Rian Evans 

The Sixteen/Christophers – review

The Sixteen maximised the effect of Lassus's alternation of flowing plainchant with elaborate polyphony, writes Rian Evans
  
  


The Truth from Above is the title the Sixteen have given their Christmas offering this year, taking the words from the carol Vaughan Williams heard in Herefordshire a century ago and went on to set for choir. It was with this gently understated arrangement that the Sixteen began, following it immediately with Josquin des Prez's setting of the hymn to the virgin Mary, Praeter Rerum Seriem, its fast-moving contrapuntal web contrasting brilliantly with the Vaughan Williams.

Juxtaposing traditional carols, arranged by 20th-century English composers, with early Flemish composers was one strand of the evening's sequence; singing different settings of the same texts afforded another connecting thread. Thus Orlando de Lassus's Magnificat, Praeter Rerum Seriem, was heard to pay homage to Josquin in its liberal quotation of his setting, with the Sixteen maximising the effect of Lassus's alternation of flowing plainchant with elaborate polyphony. It did indeed sound magnificent.
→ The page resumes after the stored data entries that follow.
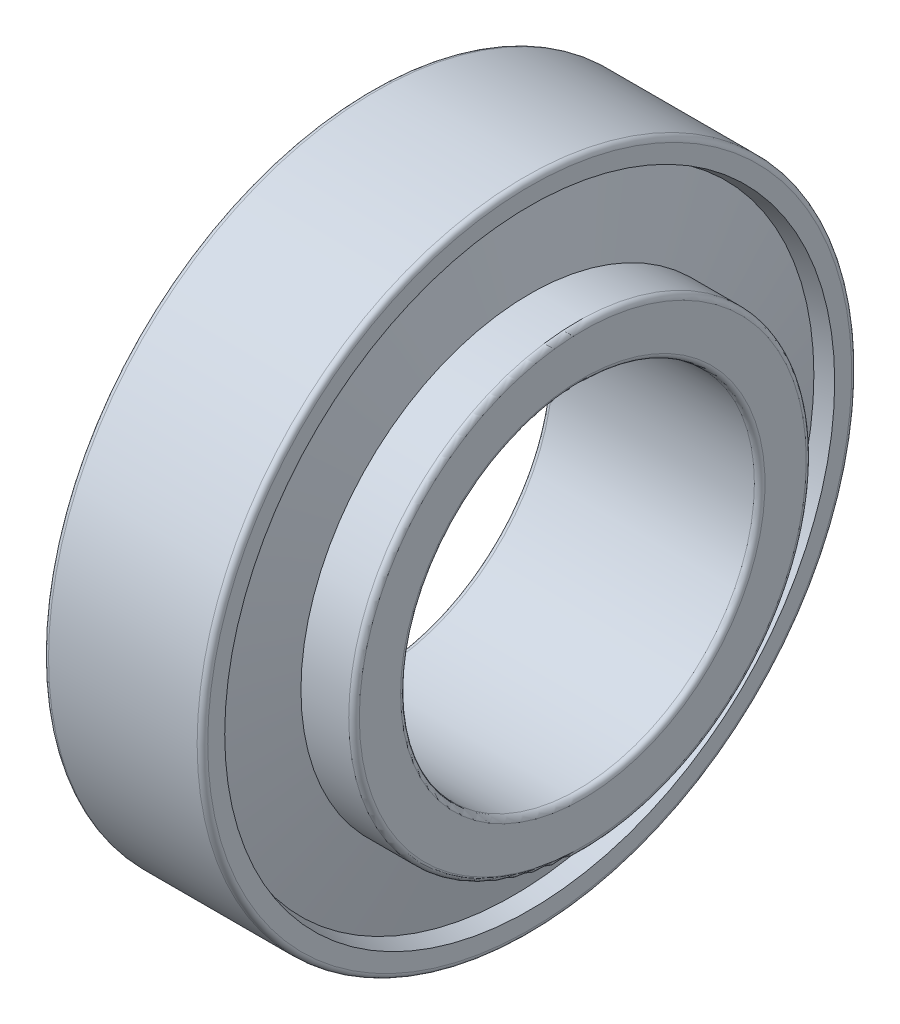
SolidWorks part; units mm, degrees
material "AISI Тип A2 Инструментальная сталь"
ref_plane "Спереди" through (0, 0, 0) normal (0, 0, 1) x (1, 0, 0)
ref_plane "Сверху" through (0, 0, 0) normal (0, 1, 0) x (1, 0, 0)
ref_plane "Справа" through (0, 0, 0) normal (1, 0, 0) x (0, 0, -1)
sketch "Эскиз1" plane through (0, 0, 0) normal (0, 0, 1) x (1, 0, 0)
  line L20 (-882.5277, 0) -> (43243.8573, 0) construction
  line L33 (0.7557, 15.0145) -> (0, 14.8105)
  line L34 (0, 14.8105) -> (0, 18.2)
  line L35 (0.3, 18.5) -> (8.7, 18.5)
  line L36 (9, 18.2) -> (9, 17.2403)
  line L37 (9, 17.2403) -> (8.0734, 16.9901)
  line L38 (0.7557, 15.0145) -> (8.0734, 16.9901) construction
  line L39 (1.5114, 11.4593) -> (0, 11.4593)
  line L40 (0, 11.4593) -> (0, 10.3)
  line L41 (0.3, 10) -> (11.7, 10)
  line L42 (12, 10.3) -> (12, 12.6309)
  line L43 (11.7, 12.9309) -> (9, 12.9309)
  line L44 (9, 12.9309) -> (9, 12.6309)
  line L45 (1.5114, 11.4593) -> (9, 12.6309) construction
  line L46 (9, 12.6309) -> (8.0734, 16.9901)
  line L47 (1.5114, 11.4593) -> (0.7557, 15.0145)
  line L48 (1.1335, 13.2369) -> (8.5367, 14.8105) construction
  line L49 (0, 14.8105) -> (8.5367, 14.8105) construction
  line L50 (0.7557, 15.0145) -> (0.7557, 11.4593) construction
  arc A0 (0, 18.2) -> (0.3, 18.5) centre (0.3, 18.2) cw
  arc A1 (8.7, 18.5) -> (9, 18.2) centre (8.7, 18.2) cw
  arc A2 (0, 10.3) -> (0.3, 10) centre (0.3, 10.3) ccw
  arc A3 (12, 10.3) -> (11.7, 10) centre (11.7, 10.3) cw
  arc A4 (11.7, 12.9309) -> (12, 12.6309) centre (11.7, 12.6309) cw
  point P12 (8.5367, 14.8105)
  dimension "гост r1" = 0.3
  dimension "гост r2" = 0.3
  dimension "гост DD" = 37
  dimension "гост B" = 12
  dimension "гост C" = 9
  dimension "гост T" = 12
  dimension "гост E" = 29.621
  dimension "гост d" = 20
  dimension "гост alfa" = 12
revolve "Повернуть1" add sketch "Эскиз1" angle 360 about L20
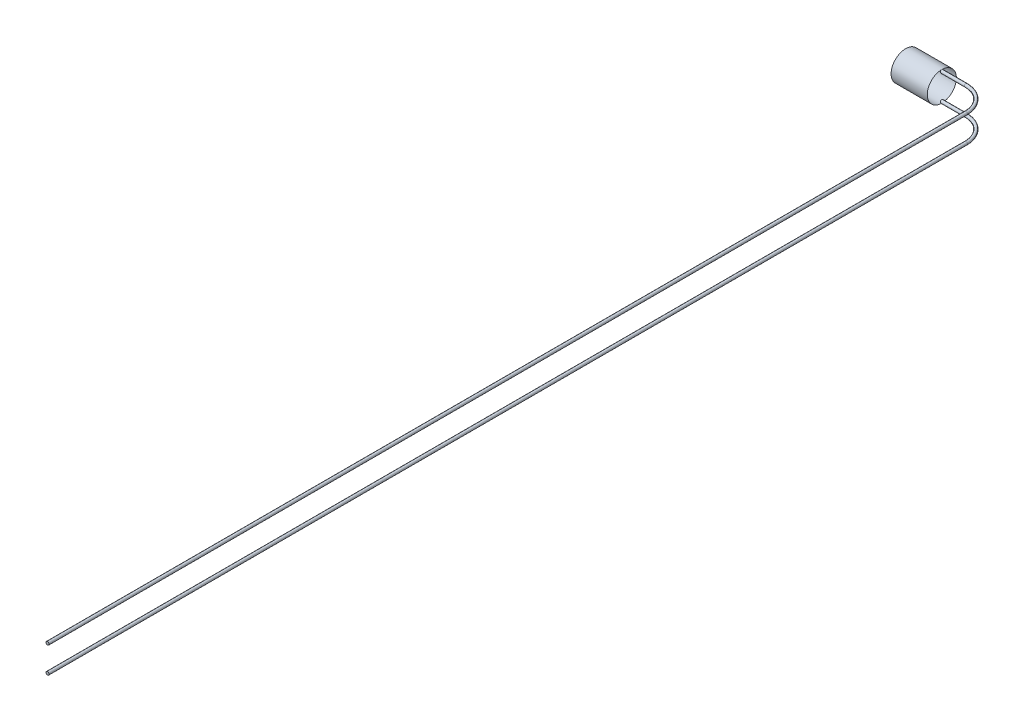
SolidWorks part; units mm, degrees
ref_plane "Front Plane" through (0, 0, 0) normal (0, 0, 1) x (1, 0, 0)
ref_plane "Top Plane" through (0, 0, 0) normal (0, 1, 0) x (1, 0, 0)
ref_plane "Right Plane" through (0, 0, 0) normal (1, 0, 0) x (0, 0, -1)
sketch "Sketch1" plane through (0, 0, 0) normal (0, 0, 1) x (1, 0, 0)
  line L0 (0, 0) -> (31.3061, 0) construction
  line L1 (-3, 1.2065) -> (0, 1.2065)
  line L2 (-3, 1.2065) -> (-3, 0)
  line L3 (-3, 0) -> (0, 0)
  line L4 (0, 1.2065) -> (0, 0)
  dimension "D1" = 2.413
  dimension "D2" = 3
revolve "Revolve1" add sketch "Sketch1" angle 360 about L0
sketch "Sketch2" plane through (0, 0, 0) normal (1, 0, 0) x (0, 0, -1)
  line L0 (0, -1.0795) -> (0, 1.0795) construction
  line L1 (0, 0) -> (3.2261, 0) construction
  circle A0 centre (0, 1.0795) radius 0.127
  circle A1 centre (0, -1.0795) radius 0.127
  circle A2 centre (0, 0) radius 1.2065 construction
  dimension "D1" = 0.254
sketch "Sketch3" plane through (0, 0, 0) normal (0, 1, 0) x (1, 0, 0)
  line L0 (0, 0) -> (2, 0)
  line L1 (4, -2) -> (4, -78.2)
  arc A0 (2, 0) -> (4, -2) centre (2, -2) cw
  dimension "D3" = 2
  dimension "D1" = 76.2
  dimension "D2" = 2
sweep "Sweep1" add profiles "Sketch2" path "Sketch3"

The combination of austere beauty and quirky pulse in the Coventry Carol was set against Kenneth Leighton's piece using the same words. Leighton's focus on Herod's massacre of the first-born brought a piercing drama to its heart before returning to the main lullaby. Three and half centuries earlier, William Byrd had sought a similar balance of expressive means in his Lullaby, My Sweet Little Baby and the poise with which conductor Harry Christophers invested the singing made it most memorable.

Yet the sequence wasn't on such an elevated level that the Sixteen weren't allowed to relax a little in a sequence of encores. It opened with the lilting Quem Pastores Laudavere and closed with Ding Dong Merrily on High, but it was the addition of the rhythm of tambourines to the early, celebratory Gaudete that lent a lively medieval vibrancy.